Je ne vais pas mentir : je suis extrêmement épuisée. Je suis partie aux Etats-Unis le 17 décembre et nous avons eu des séances de préparation jusqu’au 4 janvier, jour de la compétition, qui s’est terminée le 14.

Depuis mon arrivée aux Etats-Unis, cela a été la finalisation d’une préparation vraiment intense. Il y a eu des Catwalk Trainings, des interviews, le peaufinage de la garde-robe et du Make-Up, etc. Il n’y avait pas de temps pour le repos. Et pour la compétition, je me suis donnée à fond.

Avant de revenir plus en détail sur l’expérience que vous avez vécue, pouvez-vous nous en dire davantage sur vous. D’où êtes-vous originaire à Maurice ?

Je viens de Saint-Paul, où la famille de mon père a toujours vécu. Donk bann Belle-Étoile depi Saint-Paul. Je suis originaire d’une famille très modeste mais j’ai grandi avec des valeurs très riches, que je ne manque pas de partager autour de moi. J’ai une sœur et un frère, des jumeaux, qui sont dix ans plus âgés que moi.
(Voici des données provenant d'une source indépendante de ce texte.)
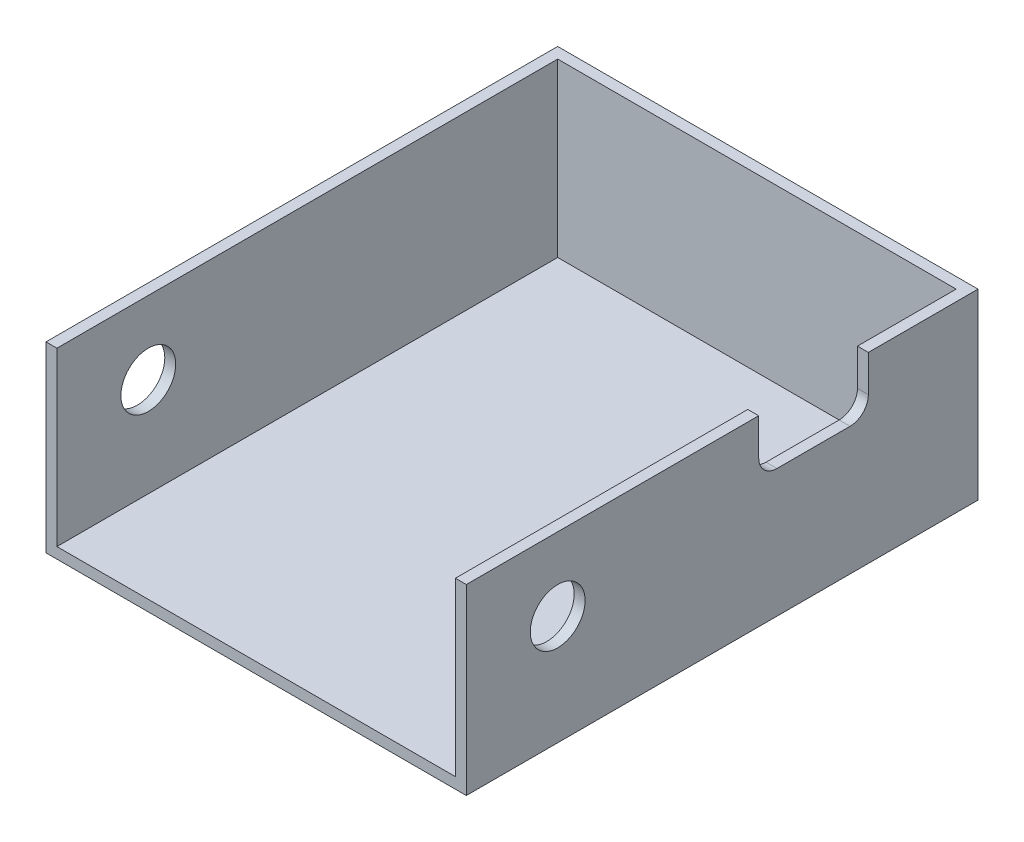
ISO-10303-21;
HEADER;
FILE_DESCRIPTION(('STEP AP214'),'2;1');
FILE_NAME('part.step','',(''),(''),'','','');
FILE_SCHEMA(('AUTOMOTIVE_DESIGN { 1 0 10303 214 1 1 1 1 }'));
ENDSEC;
DATA;
#1=APPLICATION_CONTEXT('core data for automotive mechanical design processes');
#2=APPLICATION_PROTOCOL_DEFINITION('international standard','automotive_design',2000,#1);
#3=PRODUCT_CONTEXT('',#1,'mechanical');
#4=PRODUCT('Part','Part','',(#3));
#5=PRODUCT_RELATED_PRODUCT_CATEGORY('part','',(#4));
#6=PRODUCT_DEFINITION_FORMATION('','',#4);
#7=PRODUCT_DEFINITION_CONTEXT('part definition',#1,'design');
#8=PRODUCT_DEFINITION('design','',#6,#7);
#9=PRODUCT_DEFINITION_SHAPE('','',#8);
#10=(LENGTH_UNIT() NAMED_UNIT(*) SI_UNIT(.MILLI.,.METRE.));
#11=(NAMED_UNIT(*) PLANE_ANGLE_UNIT() SI_UNIT($,.RADIAN.));
#12=(NAMED_UNIT(*) SI_UNIT($,.STERADIAN.) SOLID_ANGLE_UNIT());
#13=UNCERTAINTY_MEASURE_WITH_UNIT(LENGTH_MEASURE(1.E-05),#10,'distance_accuracy_value','');
#14=(GEOMETRIC_REPRESENTATION_CONTEXT(3) GLOBAL_UNCERTAINTY_ASSIGNED_CONTEXT((#13)) GLOBAL_UNIT_ASSIGNED_CONTEXT((#10,
#11,#12)) REPRESENTATION_CONTEXT('',''));
#15=CARTESIAN_POINT('',(0.,0.,0.));
#16=DIRECTION('',(0.,0.,1.));
#17=DIRECTION('',(1.,0.,0.));
#18=AXIS2_PLACEMENT_3D('',#15,#16,#17);
#19=CARTESIAN_POINT('',(71.12762,31.75,38.1));
#20=DIRECTION('',(0.,0.,1.));
#21=DIRECTION('',(0.,-1.,0.));
#22=AXIS2_PLACEMENT_3D('',#19,#20,#21);
#23=PLANE('',#22);
#24=DIRECTION('',(0.,-1.,0.));
#25=VECTOR('',#24,1.);
#26=CARTESIAN_POINT('',(71.12762,16.82369,38.1000000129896));
#27=LINE('',#26,#25);
#28=CARTESIAN_POINT('',(71.12762,31.75,38.1000000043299));
#29=VERTEX_POINT('',#28);
#30=CARTESIAN_POINT('',(71.12762,25.3999999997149,38.1000000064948));
#31=VERTEX_POINT('',#30);
#32=EDGE_CURVE('E114',#29,#31,#27,.T.);
#33=ORIENTED_EDGE('',*,*,#32,.F.);
#34=DIRECTION('',(1.,0.,0.));
#35=VECTOR('',#34,1.);
#36=CARTESIAN_POINT('',(72.07631,31.75,38.1));
#37=LINE('',#36,#35);
#38=CARTESIAN_POINT('',(73.025,31.75,38.1000000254));
#39=VERTEX_POINT('',#38);
#40=EDGE_CURVE('E161',#29,#39,#37,.T.);
#41=ORIENTED_EDGE('',*,*,#40,.T.);
#42=DIRECTION('',(0.,-1.,0.));
#43=VECTOR('',#42,1.);
#44=CARTESIAN_POINT('',(73.025,15.875,38.1000000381));
#45=LINE('',#44,#43);
#46=CARTESIAN_POINT('',(73.025,25.3999999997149,38.10000001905));
#47=VERTEX_POINT('',#46);
#48=EDGE_CURVE('E160',#39,#47,#45,.T.);
#49=ORIENTED_EDGE('',*,*,#48,.T.);
#50=DIRECTION('',(-1.,0.,0.));
#51=VECTOR('',#50,1.);
#52=CARTESIAN_POINT('',(72.07631,25.3999999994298,38.1));
#53=LINE('',#52,#51);
#54=EDGE_CURVE('E133',#31,#47,#53,.F.);
#55=ORIENTED_EDGE('',*,*,#54,.F.);
#56=EDGE_LOOP('',(#33,#41,#49,#55));
#57=FACE_BOUND('',#56,.T.);
#58=ADVANCED_FACE('F15',(#57),#23,.F.);
#59=CARTESIAN_POINT('',(73.025,25.4,34.925));
#60=DIRECTION('',(-1.,0.,0.));
#61=DIRECTION('',(0.,0.,1.));
#62=AXIS2_PLACEMENT_3D('',#59,#60,#61);
#63=CYLINDRICAL_SURFACE('',#62,3.175);
#64=DIRECTION('',(-1.,0.,0.));
#65=VECTOR('',#64,1.);
#66=CARTESIAN_POINT('',(72.07631,22.225,34.925));
#67=LINE('',#66,#65);
#68=CARTESIAN_POINT('',(73.025,22.225,34.925));
#69=VERTEX_POINT('',#68);
#70=CARTESIAN_POINT('',(71.12762,22.2250000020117,34.925));
#71=VERTEX_POINT('',#70);
#72=EDGE_CURVE('E125',#69,#71,#67,.T.);
#73=ORIENTED_EDGE('',*,*,#72,.T.);
#74=CARTESIAN_POINT('',(71.12762,25.4,34.925));
#75=DIRECTION('',(-1.,0.,0.));
#76=DIRECTION('',(0.,0.,1.));
#77=AXIS2_PLACEMENT_3D('',#74,#75,#76);
#78=CIRCLE('',#77,3.175);
#79=EDGE_CURVE('E19',#31,#71,#78,.F.);
#80=ORIENTED_EDGE('',*,*,#79,.F.);
#81=ORIENTED_EDGE('',*,*,#54,.T.);
#82=CARTESIAN_POINT('',(73.025,25.4,34.925));
#83=DIRECTION('',(-1.,0.,0.));
#84=DIRECTION('',(0.,0.,1.));
#85=AXIS2_PLACEMENT_3D('',#82,#83,#84);
#86=CIRCLE('',#85,3.175);
#87=EDGE_CURVE('E128',#47,#69,#86,.F.);
#88=ORIENTED_EDGE('',*,*,#87,.T.);
#89=EDGE_LOOP('',(#73,#80,#81,#88));
#90=FACE_BOUND('',#89,.T.);
#91=ADVANCED_FACE('F126',(#90),#63,.F.);
#92=CARTESIAN_POINT('',(71.12762,22.225,34.925));
#93=DIRECTION('',(0.,-1.,0.));
#94=DIRECTION('',(0.,0.,-1.));
#95=AXIS2_PLACEMENT_3D('',#92,#93,#94);
#96=PLANE('',#95);
#97=DIRECTION('',(0.,0.,-1.));
#98=VECTOR('',#97,1.);
#99=CARTESIAN_POINT('',(71.12762,22.2250000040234,45.39869));
#100=LINE('',#99,#98);
#101=CARTESIAN_POINT('',(71.12762,22.2250000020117,22.2249999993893));
#102=VERTEX_POINT('',#101);
#103=EDGE_CURVE('E121',#71,#102,#100,.T.);
#104=ORIENTED_EDGE('',*,*,#103,.F.);
#105=ORIENTED_EDGE('',*,*,#72,.F.);
#106=DIRECTION('',(0.,0.,-1.));
#107=VECTOR('',#106,1.);
#108=CARTESIAN_POINT('',(73.025,22.225,44.45));
#109=LINE('',#108,#107);
#110=CARTESIAN_POINT('',(73.025,22.225,22.2249999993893));
#111=VERTEX_POINT('',#110);
#112=EDGE_CURVE('E191',#69,#111,#109,.T.);
#113=ORIENTED_EDGE('',*,*,#112,.T.);
#114=DIRECTION('',(-1.,0.,0.));
#115=VECTOR('',#114,1.);
#116=CARTESIAN_POINT('',(72.07631,22.225,22.2249999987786));
#117=LINE('',#116,#115);
#118=EDGE_CURVE('E132',#102,#111,#117,.F.);
#119=ORIENTED_EDGE('',*,*,#118,.F.);
#120=EDGE_LOOP('',(#104,#105,#113,#119));
#121=FACE_BOUND('',#120,.T.);
#122=ADVANCED_FACE('F135',(#121),#96,.F.);
#123=CARTESIAN_POINT('',(73.025,25.4,22.225));
#124=DIRECTION('',(-1.,0.,0.));
#125=DIRECTION('',(0.,0.,1.));
#126=AXIS2_PLACEMENT_3D('',#123,#124,#125);
#127=CYLINDRICAL_SURFACE('',#126,3.175);
#128=DIRECTION('',(-1.,0.,0.));
#129=VECTOR('',#128,1.);
#130=CARTESIAN_POINT('',(72.07631,25.4,19.05));
#131=LINE('',#130,#129);
#132=CARTESIAN_POINT('',(73.025,25.4,19.0499999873));
#133=VERTEX_POINT('',#132);
#134=CARTESIAN_POINT('',(71.12762,25.4,19.0500000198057));
#135=VERTEX_POINT('',#134);
#136=EDGE_CURVE('E144',#133,#135,#131,.T.);
#137=ORIENTED_EDGE('',*,*,#136,.T.);
#138=CARTESIAN_POINT('',(71.12762,25.4,22.225));
#139=DIRECTION('',(-1.,0.,0.));
#140=DIRECTION('',(0.,0.,1.));
#141=AXIS2_PLACEMENT_3D('',#138,#139,#140);
#142=CIRCLE('',#141,3.175);
#143=EDGE_CURVE('E137',#102,#135,#142,.F.);
#144=ORIENTED_EDGE('',*,*,#143,.F.);
#145=ORIENTED_EDGE('',*,*,#118,.T.);
#146=CARTESIAN_POINT('',(73.025,25.4,22.225));
#147=DIRECTION('',(-1.,0.,0.));
#148=DIRECTION('',(0.,0.,1.));
#149=AXIS2_PLACEMENT_3D('',#146,#147,#148);
#150=CIRCLE('',#149,3.175);
#151=EDGE_CURVE('E188',#111,#133,#150,.F.);
#152=ORIENTED_EDGE('',*,*,#151,.T.);
#153=EDGE_LOOP('',(#137,#144,#145,#152));
#154=FACE_BOUND('',#153,.T.);
#155=ADVANCED_FACE('F323',(#154),#127,.F.);
#156=CARTESIAN_POINT('',(71.12762,19.05,73.025));
#157=DIRECTION('',(1.,0.,0.));
#158=DIRECTION('',(0.,0.,-1.));
#159=AXIS2_PLACEMENT_3D('',#156,#157,#158);
#160=CYLINDRICAL_SURFACE('',#159,4.76249999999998);
#161=CARTESIAN_POINT('',(71.12762,19.05,73.025));
#162=DIRECTION('',(1.,0.,0.));
#163=DIRECTION('',(0.,0.,-1.));
#164=AXIS2_PLACEMENT_3D('',#161,#162,#163);
#165=CIRCLE('',#164,4.76249999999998);
#166=CARTESIAN_POINT('',(71.12762,19.05,68.2625));
#167=VERTEX_POINT('',#166);
#168=EDGE_CURVE('E173',#167,#167,#165,.T.);
#169=ORIENTED_EDGE('',*,*,#168,.F.);
#170=EDGE_LOOP('',(#169));
#171=FACE_BOUND('',#170,.T.);
#172=CARTESIAN_POINT('',(73.025,19.05,73.025));
#173=DIRECTION('',(1.,0.,0.));
#174=DIRECTION('',(0.,0.,-1.));
#175=AXIS2_PLACEMENT_3D('',#172,#173,#174);
#176=CIRCLE('',#175,4.76249999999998);
#177=CARTESIAN_POINT('',(73.025,19.05,68.2625));
#178=VERTEX_POINT('',#177);
#179=EDGE_CURVE('E183',#178,#178,#176,.T.);
#180=ORIENTED_EDGE('',*,*,#179,.T.);
#181=EDGE_LOOP('',(#180));
#182=FACE_BOUND('',#181,.T.);
#183=ADVANCED_FACE('F320',(#171,#182),#160,.F.);
#184=CARTESIAN_POINT('',(71.12762,25.4,19.05));
#185=DIRECTION('',(0.,0.,-1.));
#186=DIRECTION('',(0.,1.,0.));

Ma sœur vit en France et je ne l’avais pas vue depuis quatre ans. Elle est venue à Maurice en décembre, et j’ai pu la voir trois jours avant mon départ. Cela m’a fait un pincement au cœur de la laisser, surtout qu’elle était accompagnée de mon neveu de deux ans, que j’ai vu pour la première fois. C’était un peu difficile de passer les fêtes loin de la famille et hors du pays.

Où vous trouviez-vous durant les fêtes ?

Pour la Noël, j’étais à New York, dans le Queens, avec une famille philippine. Il y avait une soirée karaoké, de la nourriture philippine. Ce mix de goûts entre les cuisines asiatique et européenne est bien marqué dans ma mémoire.

De plus, j’ai réalisé que nous partagions les mêmes valeurs qu’eux ; ils ont un peu le même humour qu’à Maurice. Pour le Nouvel An, j’étais à Los Angeles, pas loin de Disney. Avant cela, j’avais passé quelques jours à Washington. Ensuite je me suis rendue à New York et à Los Angeles pour finaliser la présentation.

Elle était bien cette expérience aux USA ?

C’était excellent. The America Dream, comme on dit. Tout est grand et immense. La nourriture… les prix, quand on compare à la roupie mauricienne.

C’est comme dans les films. Les endroits tels Time Square, Broadway, Wall Street, Beverly Hills, Hollywood, Santa Monica… J’ai eu la chance de voir beaucoup de choses.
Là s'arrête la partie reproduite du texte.